Hispania Baetica, often abbreviated Baetica, was one of three Roman provinces in Hispania (the Iberian Peninsula). Baetica was bordered to the west by Lusitania, and to the northeast by Hispania Tarraconensis.  Baetica remained one of the basic divisions of Hispania under the Visigoths down to 711. Baetica was part of Al-Andalus under the Arabs in the 8th century and approximately corresponds to modern Andalusia.

Name 
In Latin,  is an adjectival form of , the Roman name for the Guadalquivir River, whose fertile valley formed one of the most important parts of the province.

History 
Before Romanization, the mountainous area that was to become Baetica was occupied by several settled Iberian tribal groups.
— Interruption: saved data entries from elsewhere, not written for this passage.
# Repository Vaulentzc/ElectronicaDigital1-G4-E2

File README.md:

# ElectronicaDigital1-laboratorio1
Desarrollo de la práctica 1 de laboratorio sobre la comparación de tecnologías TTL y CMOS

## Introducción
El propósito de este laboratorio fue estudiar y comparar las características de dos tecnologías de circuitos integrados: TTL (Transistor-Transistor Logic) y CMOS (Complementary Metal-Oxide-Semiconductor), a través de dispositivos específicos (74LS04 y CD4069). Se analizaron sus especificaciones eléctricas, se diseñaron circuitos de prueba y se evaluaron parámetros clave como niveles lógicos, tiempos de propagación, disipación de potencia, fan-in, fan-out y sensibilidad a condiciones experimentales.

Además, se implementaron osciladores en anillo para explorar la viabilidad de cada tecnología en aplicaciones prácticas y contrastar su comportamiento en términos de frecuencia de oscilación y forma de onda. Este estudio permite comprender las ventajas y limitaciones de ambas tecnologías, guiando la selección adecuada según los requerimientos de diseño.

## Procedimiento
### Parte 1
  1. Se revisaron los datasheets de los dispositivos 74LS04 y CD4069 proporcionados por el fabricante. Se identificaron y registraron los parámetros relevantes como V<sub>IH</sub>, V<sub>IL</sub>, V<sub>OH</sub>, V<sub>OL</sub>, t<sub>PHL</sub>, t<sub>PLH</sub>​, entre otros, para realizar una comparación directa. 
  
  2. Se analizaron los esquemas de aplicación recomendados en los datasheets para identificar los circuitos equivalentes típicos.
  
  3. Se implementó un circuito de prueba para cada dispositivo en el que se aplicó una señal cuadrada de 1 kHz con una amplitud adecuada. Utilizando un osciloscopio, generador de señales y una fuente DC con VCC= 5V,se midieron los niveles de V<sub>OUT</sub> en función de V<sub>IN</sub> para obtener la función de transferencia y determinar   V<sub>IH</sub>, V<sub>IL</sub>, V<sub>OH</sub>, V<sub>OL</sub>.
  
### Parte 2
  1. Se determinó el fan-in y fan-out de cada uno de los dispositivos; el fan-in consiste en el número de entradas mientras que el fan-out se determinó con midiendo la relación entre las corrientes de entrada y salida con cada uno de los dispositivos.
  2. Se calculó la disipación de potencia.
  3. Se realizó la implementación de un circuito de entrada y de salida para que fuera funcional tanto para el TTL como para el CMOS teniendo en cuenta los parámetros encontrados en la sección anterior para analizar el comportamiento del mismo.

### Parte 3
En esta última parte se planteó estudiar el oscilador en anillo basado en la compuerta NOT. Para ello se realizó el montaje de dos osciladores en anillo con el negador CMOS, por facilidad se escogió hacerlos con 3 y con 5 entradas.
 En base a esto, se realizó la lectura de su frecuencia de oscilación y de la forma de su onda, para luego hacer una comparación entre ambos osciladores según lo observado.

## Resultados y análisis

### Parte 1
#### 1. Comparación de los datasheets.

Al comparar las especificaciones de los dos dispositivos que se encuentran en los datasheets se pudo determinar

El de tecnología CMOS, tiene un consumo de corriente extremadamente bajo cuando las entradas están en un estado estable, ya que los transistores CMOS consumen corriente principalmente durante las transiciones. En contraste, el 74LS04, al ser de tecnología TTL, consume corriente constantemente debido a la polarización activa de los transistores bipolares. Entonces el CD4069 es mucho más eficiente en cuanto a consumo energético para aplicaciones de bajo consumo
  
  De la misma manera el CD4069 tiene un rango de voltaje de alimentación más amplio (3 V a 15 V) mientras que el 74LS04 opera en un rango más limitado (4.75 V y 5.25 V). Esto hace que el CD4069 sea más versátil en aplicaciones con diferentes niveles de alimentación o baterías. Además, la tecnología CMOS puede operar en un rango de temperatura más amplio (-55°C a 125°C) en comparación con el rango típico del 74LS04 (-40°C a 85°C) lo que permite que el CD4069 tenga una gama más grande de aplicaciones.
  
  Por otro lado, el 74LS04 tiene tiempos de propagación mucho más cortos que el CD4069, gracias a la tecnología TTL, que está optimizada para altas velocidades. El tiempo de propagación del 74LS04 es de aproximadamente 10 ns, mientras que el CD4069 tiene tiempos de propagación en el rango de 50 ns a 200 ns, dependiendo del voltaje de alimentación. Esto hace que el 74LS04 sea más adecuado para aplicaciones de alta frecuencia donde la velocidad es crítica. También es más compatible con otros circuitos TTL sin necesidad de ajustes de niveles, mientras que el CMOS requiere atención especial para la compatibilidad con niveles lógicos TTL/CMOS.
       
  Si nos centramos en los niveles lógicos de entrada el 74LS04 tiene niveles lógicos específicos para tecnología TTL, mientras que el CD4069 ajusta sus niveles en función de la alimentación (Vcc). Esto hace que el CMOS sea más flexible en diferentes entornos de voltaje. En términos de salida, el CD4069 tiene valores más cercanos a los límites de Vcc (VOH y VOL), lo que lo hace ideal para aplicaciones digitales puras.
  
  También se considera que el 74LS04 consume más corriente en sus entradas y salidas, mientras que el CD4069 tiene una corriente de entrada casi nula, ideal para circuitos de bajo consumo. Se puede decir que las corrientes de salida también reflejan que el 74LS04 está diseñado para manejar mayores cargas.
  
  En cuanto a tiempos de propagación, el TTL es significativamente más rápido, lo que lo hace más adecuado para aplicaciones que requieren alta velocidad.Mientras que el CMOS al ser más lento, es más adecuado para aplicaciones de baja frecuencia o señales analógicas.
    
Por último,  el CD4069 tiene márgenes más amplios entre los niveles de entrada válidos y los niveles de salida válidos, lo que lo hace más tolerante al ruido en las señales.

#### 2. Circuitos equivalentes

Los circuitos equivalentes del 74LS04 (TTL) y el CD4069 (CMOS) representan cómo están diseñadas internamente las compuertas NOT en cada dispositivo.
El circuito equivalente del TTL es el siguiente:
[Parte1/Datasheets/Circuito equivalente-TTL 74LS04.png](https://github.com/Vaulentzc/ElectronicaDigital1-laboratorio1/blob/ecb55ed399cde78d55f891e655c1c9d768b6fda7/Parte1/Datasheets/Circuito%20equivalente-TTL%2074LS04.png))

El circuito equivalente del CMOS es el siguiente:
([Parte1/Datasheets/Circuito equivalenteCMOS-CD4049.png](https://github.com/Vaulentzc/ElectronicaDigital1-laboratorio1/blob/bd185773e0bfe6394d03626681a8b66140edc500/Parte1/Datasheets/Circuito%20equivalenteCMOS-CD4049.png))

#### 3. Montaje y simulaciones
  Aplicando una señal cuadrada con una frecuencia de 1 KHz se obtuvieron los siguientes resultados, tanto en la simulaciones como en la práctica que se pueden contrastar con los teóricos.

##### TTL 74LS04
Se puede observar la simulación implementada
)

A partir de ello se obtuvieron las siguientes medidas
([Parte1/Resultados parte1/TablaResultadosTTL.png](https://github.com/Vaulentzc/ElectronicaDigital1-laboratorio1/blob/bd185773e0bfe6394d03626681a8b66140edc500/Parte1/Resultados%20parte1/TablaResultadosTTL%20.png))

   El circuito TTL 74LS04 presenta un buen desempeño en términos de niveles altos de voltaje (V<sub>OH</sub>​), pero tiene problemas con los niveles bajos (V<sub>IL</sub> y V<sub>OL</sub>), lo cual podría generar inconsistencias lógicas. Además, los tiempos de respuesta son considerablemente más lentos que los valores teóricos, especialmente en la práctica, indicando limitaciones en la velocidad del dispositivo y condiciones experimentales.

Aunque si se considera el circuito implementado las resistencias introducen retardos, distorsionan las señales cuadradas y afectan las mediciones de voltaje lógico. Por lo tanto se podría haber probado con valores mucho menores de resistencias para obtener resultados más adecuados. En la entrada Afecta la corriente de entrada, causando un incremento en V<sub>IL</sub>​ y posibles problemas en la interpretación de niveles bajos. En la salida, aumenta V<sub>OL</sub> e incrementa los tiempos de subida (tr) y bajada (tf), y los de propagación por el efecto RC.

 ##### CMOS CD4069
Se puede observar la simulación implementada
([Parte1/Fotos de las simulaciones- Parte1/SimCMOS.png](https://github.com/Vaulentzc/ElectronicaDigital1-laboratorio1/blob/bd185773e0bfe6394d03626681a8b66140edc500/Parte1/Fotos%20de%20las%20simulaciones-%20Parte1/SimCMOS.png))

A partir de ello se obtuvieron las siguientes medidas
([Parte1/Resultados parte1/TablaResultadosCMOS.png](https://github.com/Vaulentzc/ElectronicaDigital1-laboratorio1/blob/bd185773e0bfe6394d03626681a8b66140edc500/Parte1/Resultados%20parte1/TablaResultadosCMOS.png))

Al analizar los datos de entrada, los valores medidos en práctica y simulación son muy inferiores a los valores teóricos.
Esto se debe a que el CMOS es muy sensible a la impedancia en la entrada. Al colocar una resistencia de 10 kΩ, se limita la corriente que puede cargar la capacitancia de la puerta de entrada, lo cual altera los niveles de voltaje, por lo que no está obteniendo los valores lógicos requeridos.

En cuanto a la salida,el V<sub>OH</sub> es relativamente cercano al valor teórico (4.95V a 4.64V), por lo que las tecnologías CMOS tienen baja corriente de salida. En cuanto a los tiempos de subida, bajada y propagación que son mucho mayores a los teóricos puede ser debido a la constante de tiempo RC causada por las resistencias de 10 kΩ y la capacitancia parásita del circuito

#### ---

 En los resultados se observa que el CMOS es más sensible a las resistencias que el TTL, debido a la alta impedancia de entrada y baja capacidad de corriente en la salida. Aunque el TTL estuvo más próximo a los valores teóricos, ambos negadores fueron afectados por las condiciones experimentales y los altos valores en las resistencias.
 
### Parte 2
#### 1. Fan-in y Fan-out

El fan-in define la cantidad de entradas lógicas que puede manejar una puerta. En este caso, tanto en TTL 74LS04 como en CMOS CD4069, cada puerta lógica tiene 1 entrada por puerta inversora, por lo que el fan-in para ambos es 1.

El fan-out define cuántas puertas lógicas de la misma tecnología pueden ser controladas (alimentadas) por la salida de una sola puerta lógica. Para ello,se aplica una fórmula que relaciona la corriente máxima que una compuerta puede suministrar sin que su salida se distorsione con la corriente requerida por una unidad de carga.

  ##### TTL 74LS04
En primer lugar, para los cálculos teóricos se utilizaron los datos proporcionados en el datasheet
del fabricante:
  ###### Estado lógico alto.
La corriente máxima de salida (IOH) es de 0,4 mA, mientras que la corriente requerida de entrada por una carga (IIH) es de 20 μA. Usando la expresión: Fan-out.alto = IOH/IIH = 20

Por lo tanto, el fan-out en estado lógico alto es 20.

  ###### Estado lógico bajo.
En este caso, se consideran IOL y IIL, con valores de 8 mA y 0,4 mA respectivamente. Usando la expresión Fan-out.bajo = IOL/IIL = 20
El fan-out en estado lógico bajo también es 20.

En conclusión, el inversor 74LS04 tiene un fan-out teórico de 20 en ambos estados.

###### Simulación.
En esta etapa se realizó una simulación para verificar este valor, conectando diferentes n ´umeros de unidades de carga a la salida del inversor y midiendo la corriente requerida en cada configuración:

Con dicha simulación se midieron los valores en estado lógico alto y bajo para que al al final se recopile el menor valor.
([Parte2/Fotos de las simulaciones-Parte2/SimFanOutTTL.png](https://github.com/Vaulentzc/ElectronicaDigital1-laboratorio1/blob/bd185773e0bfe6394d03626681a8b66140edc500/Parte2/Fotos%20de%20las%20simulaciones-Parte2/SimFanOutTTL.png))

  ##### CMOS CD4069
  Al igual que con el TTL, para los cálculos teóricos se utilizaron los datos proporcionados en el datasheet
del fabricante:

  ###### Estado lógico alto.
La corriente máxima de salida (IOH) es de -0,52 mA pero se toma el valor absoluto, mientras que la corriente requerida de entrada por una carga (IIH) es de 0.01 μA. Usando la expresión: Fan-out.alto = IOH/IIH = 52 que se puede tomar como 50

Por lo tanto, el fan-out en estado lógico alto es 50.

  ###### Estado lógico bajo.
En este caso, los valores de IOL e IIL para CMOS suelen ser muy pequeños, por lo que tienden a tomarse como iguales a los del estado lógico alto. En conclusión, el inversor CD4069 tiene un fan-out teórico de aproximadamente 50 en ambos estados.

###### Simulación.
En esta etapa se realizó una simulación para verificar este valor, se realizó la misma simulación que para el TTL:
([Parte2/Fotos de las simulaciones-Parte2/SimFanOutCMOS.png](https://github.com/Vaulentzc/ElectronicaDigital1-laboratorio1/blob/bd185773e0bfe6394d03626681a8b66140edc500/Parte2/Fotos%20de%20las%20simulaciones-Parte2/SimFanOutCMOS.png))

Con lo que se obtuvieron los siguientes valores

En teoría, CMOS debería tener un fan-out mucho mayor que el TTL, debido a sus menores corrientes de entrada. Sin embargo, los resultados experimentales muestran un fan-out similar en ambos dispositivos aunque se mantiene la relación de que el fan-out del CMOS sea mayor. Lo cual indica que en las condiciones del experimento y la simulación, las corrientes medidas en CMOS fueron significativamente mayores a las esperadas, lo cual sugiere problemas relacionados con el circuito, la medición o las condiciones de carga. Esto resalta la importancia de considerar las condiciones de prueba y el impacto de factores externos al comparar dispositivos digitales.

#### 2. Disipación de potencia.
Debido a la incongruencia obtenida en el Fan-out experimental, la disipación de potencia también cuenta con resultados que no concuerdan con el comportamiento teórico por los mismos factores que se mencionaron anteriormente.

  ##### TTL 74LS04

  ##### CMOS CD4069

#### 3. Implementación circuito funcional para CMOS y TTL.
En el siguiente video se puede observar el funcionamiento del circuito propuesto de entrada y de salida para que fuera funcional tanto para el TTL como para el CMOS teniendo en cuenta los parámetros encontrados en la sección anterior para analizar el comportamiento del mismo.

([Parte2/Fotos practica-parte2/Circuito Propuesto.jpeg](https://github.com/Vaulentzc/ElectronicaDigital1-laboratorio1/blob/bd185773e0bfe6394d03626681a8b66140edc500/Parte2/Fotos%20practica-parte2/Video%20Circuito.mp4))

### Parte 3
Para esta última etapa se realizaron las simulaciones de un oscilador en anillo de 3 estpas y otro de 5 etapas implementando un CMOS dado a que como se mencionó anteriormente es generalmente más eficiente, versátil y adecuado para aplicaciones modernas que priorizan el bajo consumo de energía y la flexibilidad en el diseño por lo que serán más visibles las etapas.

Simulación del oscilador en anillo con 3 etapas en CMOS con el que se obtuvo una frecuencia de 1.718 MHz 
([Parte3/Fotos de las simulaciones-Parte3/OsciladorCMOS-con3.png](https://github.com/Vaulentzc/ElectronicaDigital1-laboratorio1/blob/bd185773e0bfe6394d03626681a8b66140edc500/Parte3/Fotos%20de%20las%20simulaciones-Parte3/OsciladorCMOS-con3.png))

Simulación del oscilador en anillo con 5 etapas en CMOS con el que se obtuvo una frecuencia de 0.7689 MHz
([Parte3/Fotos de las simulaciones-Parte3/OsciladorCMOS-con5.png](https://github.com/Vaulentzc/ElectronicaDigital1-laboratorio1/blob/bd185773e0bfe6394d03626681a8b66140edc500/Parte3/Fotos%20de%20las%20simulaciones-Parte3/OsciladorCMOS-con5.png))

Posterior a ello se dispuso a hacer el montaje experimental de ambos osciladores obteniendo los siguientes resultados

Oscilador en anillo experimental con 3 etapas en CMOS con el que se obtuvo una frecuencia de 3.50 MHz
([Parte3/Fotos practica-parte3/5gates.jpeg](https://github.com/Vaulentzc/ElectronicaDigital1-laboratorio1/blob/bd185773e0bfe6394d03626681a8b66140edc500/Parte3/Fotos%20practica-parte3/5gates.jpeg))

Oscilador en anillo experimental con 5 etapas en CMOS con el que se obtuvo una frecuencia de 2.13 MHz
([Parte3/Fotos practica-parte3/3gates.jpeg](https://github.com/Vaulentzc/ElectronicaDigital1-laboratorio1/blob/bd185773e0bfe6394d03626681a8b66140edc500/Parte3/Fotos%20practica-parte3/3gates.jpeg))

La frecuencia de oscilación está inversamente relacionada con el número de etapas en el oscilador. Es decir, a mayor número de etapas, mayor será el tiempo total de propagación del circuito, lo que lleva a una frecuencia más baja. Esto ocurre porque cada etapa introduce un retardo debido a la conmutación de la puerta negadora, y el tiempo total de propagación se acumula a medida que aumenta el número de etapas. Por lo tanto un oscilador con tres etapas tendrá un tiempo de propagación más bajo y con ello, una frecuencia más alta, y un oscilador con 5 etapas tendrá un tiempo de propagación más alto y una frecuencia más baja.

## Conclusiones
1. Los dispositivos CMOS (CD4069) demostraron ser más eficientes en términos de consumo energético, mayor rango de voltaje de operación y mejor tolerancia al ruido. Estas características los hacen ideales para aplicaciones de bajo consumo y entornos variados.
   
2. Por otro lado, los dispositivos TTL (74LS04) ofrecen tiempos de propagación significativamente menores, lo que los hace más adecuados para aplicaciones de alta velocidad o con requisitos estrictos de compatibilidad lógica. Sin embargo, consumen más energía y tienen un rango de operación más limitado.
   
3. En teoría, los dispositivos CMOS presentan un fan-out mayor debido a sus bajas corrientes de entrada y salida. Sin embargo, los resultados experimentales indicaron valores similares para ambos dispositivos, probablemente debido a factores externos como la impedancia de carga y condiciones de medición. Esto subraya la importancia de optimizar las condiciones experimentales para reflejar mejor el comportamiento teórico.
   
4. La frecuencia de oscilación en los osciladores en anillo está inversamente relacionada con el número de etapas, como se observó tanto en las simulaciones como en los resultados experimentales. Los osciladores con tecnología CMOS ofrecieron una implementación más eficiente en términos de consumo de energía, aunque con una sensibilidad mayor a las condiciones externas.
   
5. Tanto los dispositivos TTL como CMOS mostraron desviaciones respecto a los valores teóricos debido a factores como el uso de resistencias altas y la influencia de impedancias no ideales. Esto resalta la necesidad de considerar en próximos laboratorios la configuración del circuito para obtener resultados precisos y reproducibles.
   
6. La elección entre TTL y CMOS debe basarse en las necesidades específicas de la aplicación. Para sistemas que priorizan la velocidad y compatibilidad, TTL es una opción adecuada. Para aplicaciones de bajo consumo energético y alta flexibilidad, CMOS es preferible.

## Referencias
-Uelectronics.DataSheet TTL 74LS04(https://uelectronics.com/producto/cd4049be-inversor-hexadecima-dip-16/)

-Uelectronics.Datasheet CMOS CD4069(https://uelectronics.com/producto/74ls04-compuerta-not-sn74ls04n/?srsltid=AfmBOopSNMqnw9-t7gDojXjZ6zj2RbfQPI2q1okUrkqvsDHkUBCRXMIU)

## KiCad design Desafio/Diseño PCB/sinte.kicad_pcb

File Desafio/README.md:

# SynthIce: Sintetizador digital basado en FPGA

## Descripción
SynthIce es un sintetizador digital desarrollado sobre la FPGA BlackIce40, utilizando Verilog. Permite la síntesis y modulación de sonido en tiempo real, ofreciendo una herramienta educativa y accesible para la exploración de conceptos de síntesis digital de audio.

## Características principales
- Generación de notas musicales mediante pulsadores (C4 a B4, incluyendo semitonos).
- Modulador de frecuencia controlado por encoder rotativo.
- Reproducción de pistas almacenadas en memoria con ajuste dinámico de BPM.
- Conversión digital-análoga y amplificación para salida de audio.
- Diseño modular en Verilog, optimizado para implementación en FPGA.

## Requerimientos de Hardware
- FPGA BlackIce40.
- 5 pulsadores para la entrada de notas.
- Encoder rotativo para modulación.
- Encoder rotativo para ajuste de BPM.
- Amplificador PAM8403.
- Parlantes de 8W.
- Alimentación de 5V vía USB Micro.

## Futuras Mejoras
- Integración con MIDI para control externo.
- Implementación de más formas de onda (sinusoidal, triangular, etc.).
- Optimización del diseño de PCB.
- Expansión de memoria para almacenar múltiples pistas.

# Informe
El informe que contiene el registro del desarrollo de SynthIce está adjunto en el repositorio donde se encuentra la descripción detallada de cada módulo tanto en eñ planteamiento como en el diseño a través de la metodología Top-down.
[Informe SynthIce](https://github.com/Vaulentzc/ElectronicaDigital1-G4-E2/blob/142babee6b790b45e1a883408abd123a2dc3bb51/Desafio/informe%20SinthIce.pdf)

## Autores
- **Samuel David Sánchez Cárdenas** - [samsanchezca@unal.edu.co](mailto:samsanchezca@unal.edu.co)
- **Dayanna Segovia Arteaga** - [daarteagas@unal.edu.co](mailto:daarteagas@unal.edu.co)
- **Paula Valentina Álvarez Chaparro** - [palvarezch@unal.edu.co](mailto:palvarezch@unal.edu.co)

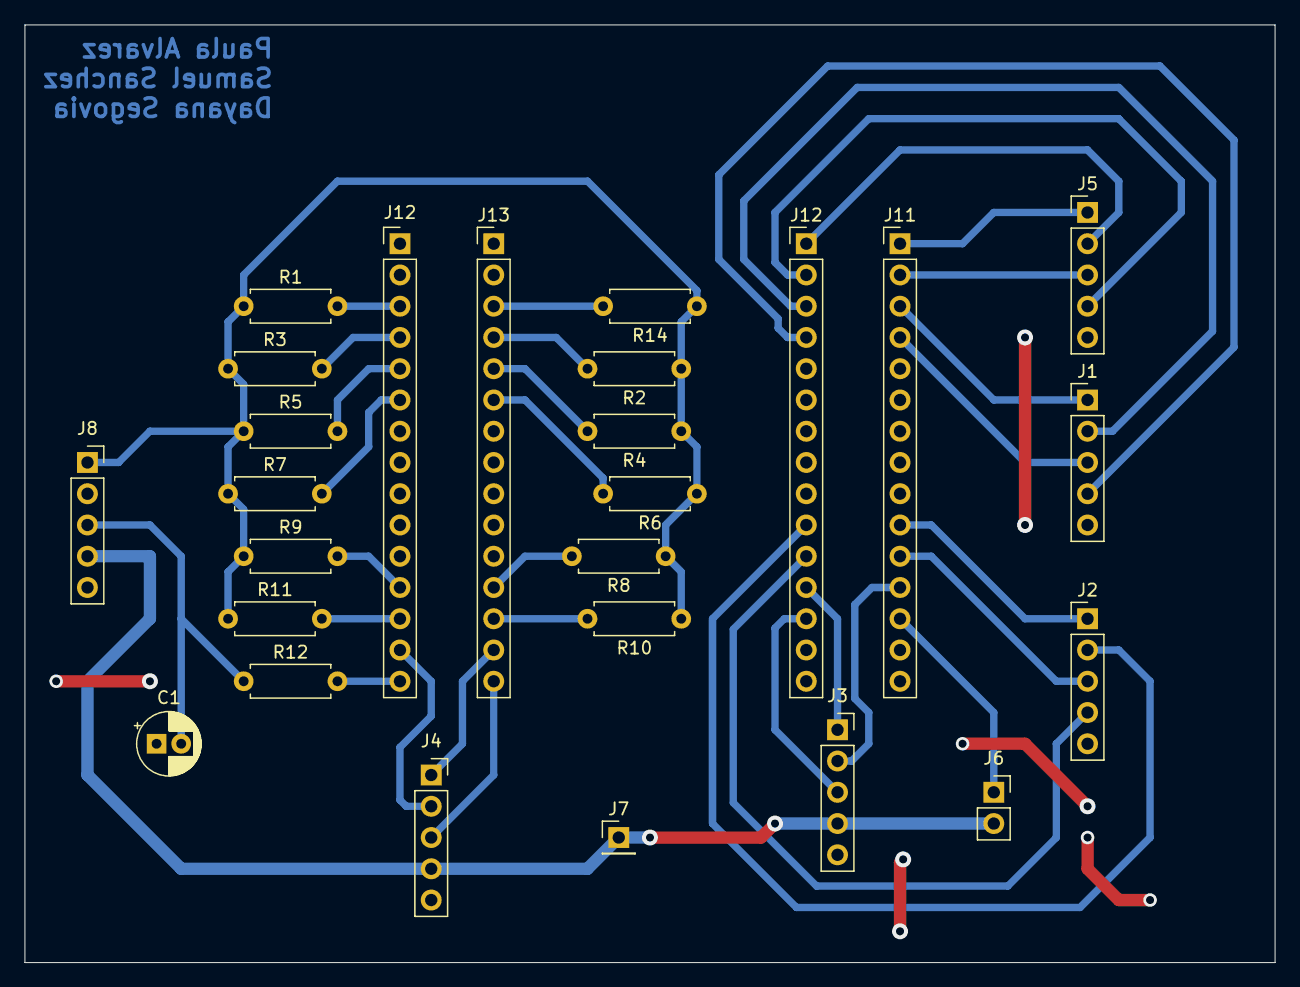
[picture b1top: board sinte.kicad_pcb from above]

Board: 2 copper layers, 101.6 x 76.2 mm, 26 parts (0 on the bottom side), 36 nets.

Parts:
C1: C; CP_Radial_D5.0mm_P2.00mm
J1: Botones2; PinHeader_1x05_P2.54mm_Vertical
J2: Botones3; PinHeader_1x05_P2.54mm_Vertical
J3: Encoder notas; PinSocket_1x05_P2.54mm_Vertical
J4: Encoder pistas; PinSocket_1x05_P2.54mm_Vertical
J5: Botones1; PinHeader_1x05_P2.54mm_Vertical
J6: Switch pistas; PinSocket_1x02_P2.54mm_Vertical
J7: FPGA5V; PinHeader_1x01_P2.54mm_Vertical
J8: PAM; PinSocket_1x05_P2.54mm_Vertical
J11: Entradas2; PinHeader_1x15_P2.54mm_Vertical
J12: Entradas1; PinHeader_1x15_P2.54mm_Vertical
J13: Salidas1; PinHeader_1x15_P2.54mm_Vertical
J14: Salidas2; PinHeader_1x15_P2.54mm_Vertical
R1, R2, R3, R4, R5, R6, R7, R8, R9, R10, R11, R12, R14: R; R_Axial_DIN0207_L6.3mm_D2.5mm_P7.62mm_Horizontal

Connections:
+5V: J3.4, J4.4, J6.2, J7.1, J8.4
/9_Do: J13.3, R14.2
/10_Re: J13.4, R2.2
/11_DoS: J14.3, R1.2
/12_ReS: J14.4, R3.2
/15_Mi: J13.5, R4.2
/16_FaS: J13.6, R6.2
/17_Fa: J14.5, R5.2
/18_sol: J14.6, R7.2
/19_La: J2.1, J11.10
/20_si: J2.3, J11.11
/21_SolS: J2.2, J12.10
/22_LaS: J2.4, J12.11
/23_EncocanalB: J3.2, J11.12
/24_on/offpista: J6.1, J11.13
/25_EncocanalA: J3.1, J12.12
/26_EncoSW: J3.3, J12.13
/28_SolS: J13.12, R8.2
/29_LaS: J13.13, R10.2
/31_La: J14.12, R9.2
/32_Si: J14.13, R11.2
/33_pEncocanalA: J4.1, J13.14
/34_pEncoSW: J4.3, J13.15
/37_pEncocanalB: J4.2, J14.14
/38_Pistas: J14.15, R12.2
/49_Mi: J1.2, J12.3
/52_FaS: J1.4, J12.4
/99_Sol: J1.3, J11.4
/101_Fa: J1.1, J11.3
/102_Re: J5.4, J12.2
/104_Do: J5.2, J12.1
/105_ReS: J5.3, J11.2
/106_DoS: J5.1, J11.1
/L_Notas: J8.1, R1.1, R2.1, R3.1, R4.1, R5.1, R6.1, R7.1, R8.1, R9.1, R10.1, R11.1, R14.1
/R_pistas: C1.2, J8.3, R12.1
GND: C1.1, J1.5, J2.5, J3.5, J4.5, J5.5, J8.2, J8.5, J11.15

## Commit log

2024-12-13 Create Parte1
2025-01-16 lab1
2025-01-16 lab2,3
2025-01-23 prueba instalacion repositorio
2025-01-23 eliminación archivos
2025-02-14 code
2025-02-14 Rename Desafio/top.pcf to Desafio/code/top.pcf
2025-02-14 Rename Desafio/Makefile to Desafio/code/Makefile
2025-02-14 Rename Desafio/encoder.dig to Desafio/code/encoder.dig
2025-02-14 Rename Desafio/encoder.v to Desafio/code/encoder.v
2025-02-14 Rename Desafio/encoderB.v to Desafio/code/encoderB.v
2025-02-14 Rename Desafio/encoderMod.v to Desafio/code/encoderMod.v
2025-02-14 Rename Desafio/encoderModB.v to Desafio/code/encoderModB.v
2025-02-14 Rename Desafio/frecDiv.v to Desafio/code/frecDiv.v
2025-02-14 Rename Desafio/frecDivMain.v to Desafio/code/frecDivMain.v
2025-02-14 Rename Desafio/pulsadorNote.v to Desafio/code/pulsadorNote.v
2025-02-14 Rename Desafio/reproductorPista.v to Desafio/code/reproductorPista.v
2025-02-14 Rename Desafio/romContador.dig to Desafio/code/romContador.dig
2025-02-14 Rename Desafio/romContador.v to Desafio/code/romContador.v
2025-02-14 Rename Desafio/sintetizador.v to Desafio/code/sintetizador.v
2025-02-14 Create link video
2025-02-14 Update link video

Celtic influence was not as strong as it was in the Celtiberian north. According to the geographer Claudius Ptolemy, the indigenes were the powerful Turdetani, in the valley of the Guadalquivir in the west, bordering on Lusitania, and the partly Hellenized Turduli with their city Baelo, in the hinterland behind the coastal Phoenician trading colonies, whose Punic inhabitants Ptolemy termed the "Bastuli". Phoenician Gadira (Cadiz) was on an island against the coast of Hispania Baetica. Other important Iberians were the Bastetani, who occupied the Almería and mountainous Granada regions.  Towards the southeast, Punic influence spread from the Carthaginian cities on the coast: New Carthage (Roman Cartago Nova, modern Cartagena), Abdera and Malaca (Málaga).

Some of the Iberian cities retained their pre-Indo-European names in Baetica throughout the Roman era. Granada was called Eliberri, Illiberis and Illiber by the Romans; in Basque, "iri-berri" or "ili-berri", still signifies "new town".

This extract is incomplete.